:: Dataset entries ::
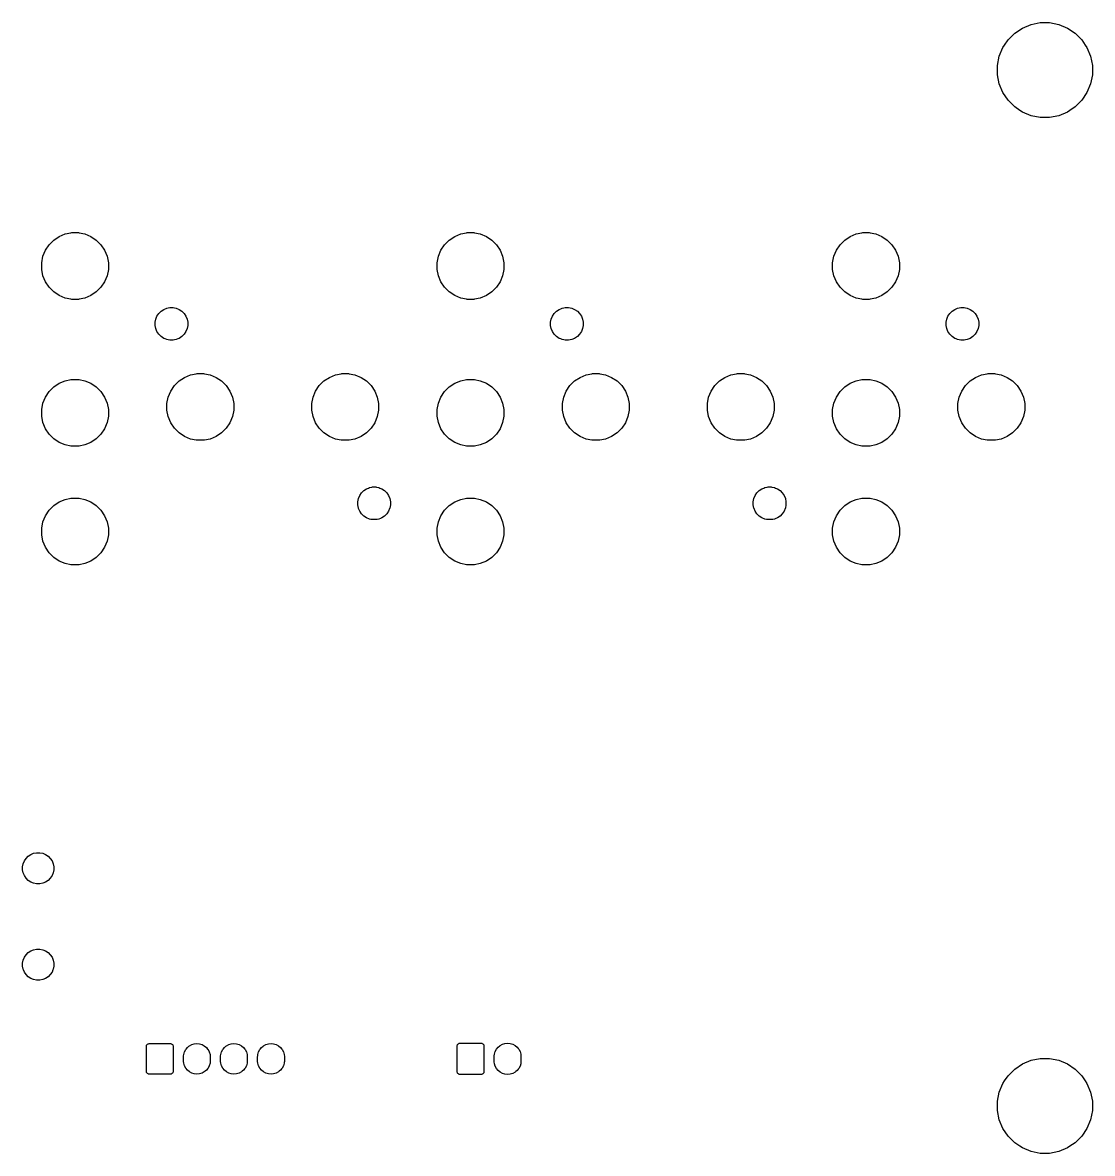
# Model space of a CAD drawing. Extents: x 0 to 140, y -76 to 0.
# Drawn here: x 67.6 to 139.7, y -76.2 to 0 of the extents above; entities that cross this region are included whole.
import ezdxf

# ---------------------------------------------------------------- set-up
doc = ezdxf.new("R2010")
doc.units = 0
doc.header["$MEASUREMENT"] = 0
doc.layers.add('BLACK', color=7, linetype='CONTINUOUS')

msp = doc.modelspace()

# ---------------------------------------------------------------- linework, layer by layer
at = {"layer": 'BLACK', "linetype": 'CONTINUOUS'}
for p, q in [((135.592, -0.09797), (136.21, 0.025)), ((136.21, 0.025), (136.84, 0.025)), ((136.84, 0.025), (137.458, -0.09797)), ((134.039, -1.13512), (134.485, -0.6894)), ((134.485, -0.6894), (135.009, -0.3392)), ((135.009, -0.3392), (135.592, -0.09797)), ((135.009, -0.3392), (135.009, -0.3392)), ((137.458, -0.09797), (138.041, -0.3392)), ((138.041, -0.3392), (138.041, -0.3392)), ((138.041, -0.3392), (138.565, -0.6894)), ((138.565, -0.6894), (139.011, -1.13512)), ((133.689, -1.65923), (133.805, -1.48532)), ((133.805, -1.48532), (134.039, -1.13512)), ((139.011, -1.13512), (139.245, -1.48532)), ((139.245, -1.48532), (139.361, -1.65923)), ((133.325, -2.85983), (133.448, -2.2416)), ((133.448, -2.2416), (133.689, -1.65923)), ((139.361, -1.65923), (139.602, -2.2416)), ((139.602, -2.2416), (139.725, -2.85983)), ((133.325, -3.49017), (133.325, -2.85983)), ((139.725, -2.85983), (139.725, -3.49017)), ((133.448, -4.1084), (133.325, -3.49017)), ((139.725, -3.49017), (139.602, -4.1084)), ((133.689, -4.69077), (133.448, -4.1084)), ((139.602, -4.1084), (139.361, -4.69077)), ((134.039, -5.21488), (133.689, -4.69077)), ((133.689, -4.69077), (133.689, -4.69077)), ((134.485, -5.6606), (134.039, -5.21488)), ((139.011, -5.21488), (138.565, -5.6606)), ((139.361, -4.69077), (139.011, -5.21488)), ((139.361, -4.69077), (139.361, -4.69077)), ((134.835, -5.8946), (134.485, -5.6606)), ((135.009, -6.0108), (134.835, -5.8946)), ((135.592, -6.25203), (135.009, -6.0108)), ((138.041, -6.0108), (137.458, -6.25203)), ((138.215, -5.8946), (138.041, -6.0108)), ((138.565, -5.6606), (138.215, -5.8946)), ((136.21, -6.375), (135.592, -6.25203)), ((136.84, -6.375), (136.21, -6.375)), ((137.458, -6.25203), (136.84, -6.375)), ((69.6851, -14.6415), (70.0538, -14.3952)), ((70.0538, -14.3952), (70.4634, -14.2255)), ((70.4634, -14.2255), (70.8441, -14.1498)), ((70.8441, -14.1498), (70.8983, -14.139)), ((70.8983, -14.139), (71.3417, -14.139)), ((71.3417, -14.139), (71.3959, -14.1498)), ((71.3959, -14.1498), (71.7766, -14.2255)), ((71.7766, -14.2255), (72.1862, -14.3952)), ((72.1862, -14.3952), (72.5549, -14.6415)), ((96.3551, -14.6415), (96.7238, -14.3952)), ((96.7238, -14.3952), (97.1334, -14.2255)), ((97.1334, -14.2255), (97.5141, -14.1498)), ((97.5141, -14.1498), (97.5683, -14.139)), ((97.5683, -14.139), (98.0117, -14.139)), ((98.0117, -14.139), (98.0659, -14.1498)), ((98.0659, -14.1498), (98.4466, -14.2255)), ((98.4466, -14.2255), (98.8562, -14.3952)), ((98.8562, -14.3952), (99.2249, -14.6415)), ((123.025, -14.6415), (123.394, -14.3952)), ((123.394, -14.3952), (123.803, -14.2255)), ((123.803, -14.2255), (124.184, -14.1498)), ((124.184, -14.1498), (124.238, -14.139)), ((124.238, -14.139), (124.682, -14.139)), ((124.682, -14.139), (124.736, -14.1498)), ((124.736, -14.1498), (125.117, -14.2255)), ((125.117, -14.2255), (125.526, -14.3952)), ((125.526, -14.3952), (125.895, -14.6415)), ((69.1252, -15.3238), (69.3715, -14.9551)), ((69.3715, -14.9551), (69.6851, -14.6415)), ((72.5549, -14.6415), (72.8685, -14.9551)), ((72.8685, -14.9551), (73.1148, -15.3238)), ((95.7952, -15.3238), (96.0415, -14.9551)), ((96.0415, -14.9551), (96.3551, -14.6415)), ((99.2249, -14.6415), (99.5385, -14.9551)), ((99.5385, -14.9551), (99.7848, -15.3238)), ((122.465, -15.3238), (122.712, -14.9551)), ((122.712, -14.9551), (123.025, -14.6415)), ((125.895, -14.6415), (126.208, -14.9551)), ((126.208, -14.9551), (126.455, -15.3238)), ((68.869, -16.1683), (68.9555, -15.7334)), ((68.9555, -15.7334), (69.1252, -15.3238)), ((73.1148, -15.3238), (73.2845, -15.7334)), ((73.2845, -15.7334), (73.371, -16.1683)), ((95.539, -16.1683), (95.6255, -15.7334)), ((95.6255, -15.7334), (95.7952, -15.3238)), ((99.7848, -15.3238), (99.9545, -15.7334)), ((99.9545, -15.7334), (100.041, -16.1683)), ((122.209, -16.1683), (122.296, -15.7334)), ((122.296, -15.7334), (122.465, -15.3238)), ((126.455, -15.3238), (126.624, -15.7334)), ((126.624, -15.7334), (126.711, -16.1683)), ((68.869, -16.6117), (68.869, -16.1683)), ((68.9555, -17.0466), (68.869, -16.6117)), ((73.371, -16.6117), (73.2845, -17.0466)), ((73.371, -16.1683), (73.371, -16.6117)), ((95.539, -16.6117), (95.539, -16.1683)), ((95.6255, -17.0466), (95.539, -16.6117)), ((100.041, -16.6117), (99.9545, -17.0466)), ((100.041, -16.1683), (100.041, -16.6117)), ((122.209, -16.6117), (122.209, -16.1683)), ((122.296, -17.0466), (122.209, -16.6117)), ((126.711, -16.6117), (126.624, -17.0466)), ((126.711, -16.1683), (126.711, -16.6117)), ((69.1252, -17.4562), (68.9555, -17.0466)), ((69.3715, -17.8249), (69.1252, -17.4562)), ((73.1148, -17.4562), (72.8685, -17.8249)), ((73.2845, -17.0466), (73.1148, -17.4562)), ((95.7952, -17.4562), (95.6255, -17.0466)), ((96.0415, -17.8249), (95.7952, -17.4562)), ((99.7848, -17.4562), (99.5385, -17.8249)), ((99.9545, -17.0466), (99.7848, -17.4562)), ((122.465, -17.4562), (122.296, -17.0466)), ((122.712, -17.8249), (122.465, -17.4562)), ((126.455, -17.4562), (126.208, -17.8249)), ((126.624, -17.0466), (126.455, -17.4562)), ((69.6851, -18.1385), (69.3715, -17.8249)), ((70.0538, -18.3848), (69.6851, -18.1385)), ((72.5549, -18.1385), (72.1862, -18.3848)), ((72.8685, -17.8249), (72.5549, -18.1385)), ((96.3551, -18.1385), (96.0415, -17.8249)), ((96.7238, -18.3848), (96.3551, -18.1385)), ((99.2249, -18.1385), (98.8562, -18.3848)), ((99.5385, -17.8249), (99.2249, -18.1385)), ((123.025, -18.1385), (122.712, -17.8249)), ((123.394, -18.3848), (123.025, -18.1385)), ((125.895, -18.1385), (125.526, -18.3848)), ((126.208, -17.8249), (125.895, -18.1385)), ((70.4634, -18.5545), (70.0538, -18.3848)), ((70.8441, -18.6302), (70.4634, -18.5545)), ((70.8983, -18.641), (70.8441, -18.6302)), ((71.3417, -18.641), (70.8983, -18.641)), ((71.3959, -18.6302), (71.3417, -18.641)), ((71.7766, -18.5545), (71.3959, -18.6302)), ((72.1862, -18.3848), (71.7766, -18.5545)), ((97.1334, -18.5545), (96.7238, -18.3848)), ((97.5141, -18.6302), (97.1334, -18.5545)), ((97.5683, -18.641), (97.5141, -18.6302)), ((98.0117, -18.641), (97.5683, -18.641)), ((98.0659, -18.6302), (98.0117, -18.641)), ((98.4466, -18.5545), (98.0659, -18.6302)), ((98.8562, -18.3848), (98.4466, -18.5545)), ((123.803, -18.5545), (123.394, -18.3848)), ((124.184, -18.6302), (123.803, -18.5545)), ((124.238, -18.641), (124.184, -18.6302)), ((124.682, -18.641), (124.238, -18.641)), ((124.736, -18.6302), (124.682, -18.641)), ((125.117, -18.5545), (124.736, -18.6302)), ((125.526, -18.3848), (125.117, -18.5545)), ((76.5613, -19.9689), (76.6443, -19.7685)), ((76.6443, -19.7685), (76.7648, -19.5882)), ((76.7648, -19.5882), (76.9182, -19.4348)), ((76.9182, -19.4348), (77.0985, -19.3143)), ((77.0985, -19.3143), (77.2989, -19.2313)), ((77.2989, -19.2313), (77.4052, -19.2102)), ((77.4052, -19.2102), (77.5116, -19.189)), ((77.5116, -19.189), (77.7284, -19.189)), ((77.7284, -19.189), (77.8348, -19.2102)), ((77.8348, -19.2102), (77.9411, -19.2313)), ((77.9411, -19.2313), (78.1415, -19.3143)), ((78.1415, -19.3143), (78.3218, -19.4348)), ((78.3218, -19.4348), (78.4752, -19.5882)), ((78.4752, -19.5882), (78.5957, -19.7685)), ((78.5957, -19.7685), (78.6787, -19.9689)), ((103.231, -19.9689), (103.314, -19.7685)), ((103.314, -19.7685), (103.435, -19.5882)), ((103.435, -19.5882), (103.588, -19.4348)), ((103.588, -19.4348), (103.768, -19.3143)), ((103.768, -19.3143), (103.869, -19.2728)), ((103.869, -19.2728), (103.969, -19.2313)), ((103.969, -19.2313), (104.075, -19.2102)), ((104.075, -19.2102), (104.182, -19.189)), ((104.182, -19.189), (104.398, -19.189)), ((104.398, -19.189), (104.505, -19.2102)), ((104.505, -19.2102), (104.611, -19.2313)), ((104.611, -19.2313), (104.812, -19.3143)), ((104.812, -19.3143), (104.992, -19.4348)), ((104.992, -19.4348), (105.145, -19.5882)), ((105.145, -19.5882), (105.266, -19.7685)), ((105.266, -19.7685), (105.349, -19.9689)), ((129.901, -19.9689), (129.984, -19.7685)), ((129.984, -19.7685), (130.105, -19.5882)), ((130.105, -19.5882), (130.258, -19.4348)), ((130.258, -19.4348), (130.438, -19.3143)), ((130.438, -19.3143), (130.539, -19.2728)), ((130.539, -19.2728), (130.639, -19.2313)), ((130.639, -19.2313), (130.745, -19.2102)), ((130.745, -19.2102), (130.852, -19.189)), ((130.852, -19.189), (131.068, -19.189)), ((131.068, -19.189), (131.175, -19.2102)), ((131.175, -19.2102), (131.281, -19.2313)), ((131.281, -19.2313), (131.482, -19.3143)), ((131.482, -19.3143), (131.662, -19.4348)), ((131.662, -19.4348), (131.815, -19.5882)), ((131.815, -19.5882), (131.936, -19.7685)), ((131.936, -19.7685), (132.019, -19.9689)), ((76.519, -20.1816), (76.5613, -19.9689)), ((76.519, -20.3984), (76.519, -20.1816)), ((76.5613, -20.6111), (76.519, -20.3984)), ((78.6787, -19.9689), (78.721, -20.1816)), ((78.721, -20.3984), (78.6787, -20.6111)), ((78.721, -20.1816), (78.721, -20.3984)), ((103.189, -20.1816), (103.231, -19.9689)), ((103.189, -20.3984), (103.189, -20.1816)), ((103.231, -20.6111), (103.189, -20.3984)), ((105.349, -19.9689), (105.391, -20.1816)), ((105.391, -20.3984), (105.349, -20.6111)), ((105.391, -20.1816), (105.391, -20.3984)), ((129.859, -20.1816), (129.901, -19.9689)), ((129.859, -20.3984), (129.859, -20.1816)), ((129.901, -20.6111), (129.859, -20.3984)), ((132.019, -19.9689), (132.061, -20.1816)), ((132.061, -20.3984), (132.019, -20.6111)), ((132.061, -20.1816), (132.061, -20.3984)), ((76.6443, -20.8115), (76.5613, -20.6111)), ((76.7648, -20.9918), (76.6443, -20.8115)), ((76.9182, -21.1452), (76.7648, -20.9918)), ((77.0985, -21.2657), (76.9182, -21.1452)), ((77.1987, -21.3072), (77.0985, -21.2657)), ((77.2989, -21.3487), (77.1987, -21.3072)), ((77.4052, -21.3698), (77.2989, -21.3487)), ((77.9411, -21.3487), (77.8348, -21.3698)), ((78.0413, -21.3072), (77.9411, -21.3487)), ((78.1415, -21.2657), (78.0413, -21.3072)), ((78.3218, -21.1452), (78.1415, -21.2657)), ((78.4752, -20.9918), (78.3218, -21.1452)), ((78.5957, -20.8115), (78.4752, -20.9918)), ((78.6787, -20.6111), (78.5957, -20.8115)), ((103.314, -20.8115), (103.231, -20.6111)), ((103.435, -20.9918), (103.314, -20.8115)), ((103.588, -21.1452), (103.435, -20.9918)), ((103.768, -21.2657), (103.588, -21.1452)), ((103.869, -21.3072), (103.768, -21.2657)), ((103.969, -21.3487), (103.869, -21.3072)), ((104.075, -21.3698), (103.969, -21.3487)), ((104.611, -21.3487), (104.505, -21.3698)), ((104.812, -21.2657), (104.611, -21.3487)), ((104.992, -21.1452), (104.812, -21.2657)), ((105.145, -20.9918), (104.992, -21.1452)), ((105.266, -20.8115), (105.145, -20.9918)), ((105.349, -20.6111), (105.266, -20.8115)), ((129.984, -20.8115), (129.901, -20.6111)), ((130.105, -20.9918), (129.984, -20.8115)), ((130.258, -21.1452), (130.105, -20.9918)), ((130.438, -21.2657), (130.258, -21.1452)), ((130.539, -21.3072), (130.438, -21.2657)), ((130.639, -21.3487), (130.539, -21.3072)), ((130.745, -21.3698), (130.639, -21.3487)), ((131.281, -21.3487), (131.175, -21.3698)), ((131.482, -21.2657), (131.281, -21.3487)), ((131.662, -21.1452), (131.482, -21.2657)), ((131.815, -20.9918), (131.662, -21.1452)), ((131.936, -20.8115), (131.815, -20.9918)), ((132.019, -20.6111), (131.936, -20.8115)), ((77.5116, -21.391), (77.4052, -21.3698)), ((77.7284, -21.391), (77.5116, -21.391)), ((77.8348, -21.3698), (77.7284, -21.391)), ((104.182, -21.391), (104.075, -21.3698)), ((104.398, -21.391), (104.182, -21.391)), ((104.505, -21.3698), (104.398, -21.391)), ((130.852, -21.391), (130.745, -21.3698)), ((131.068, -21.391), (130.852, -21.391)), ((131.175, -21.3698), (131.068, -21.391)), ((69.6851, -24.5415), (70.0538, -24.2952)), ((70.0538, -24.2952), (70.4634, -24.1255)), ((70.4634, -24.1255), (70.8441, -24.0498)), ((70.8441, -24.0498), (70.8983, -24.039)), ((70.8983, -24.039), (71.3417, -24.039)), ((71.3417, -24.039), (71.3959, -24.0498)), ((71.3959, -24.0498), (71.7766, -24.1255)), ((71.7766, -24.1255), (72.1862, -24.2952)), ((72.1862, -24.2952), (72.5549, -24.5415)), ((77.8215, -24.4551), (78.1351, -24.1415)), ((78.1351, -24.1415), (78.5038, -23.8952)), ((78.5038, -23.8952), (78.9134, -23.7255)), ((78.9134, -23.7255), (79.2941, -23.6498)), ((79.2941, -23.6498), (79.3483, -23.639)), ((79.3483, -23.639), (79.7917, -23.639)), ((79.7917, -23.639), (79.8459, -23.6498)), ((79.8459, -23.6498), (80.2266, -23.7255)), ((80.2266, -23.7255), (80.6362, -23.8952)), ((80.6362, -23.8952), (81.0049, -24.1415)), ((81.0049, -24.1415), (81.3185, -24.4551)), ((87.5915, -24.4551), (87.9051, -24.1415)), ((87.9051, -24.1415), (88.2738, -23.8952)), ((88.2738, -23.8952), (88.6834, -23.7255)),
:::
=== Your instructions ===
For the records above, state how many lines contain "BLACK". Add nothing to the number.

=== Response ===
2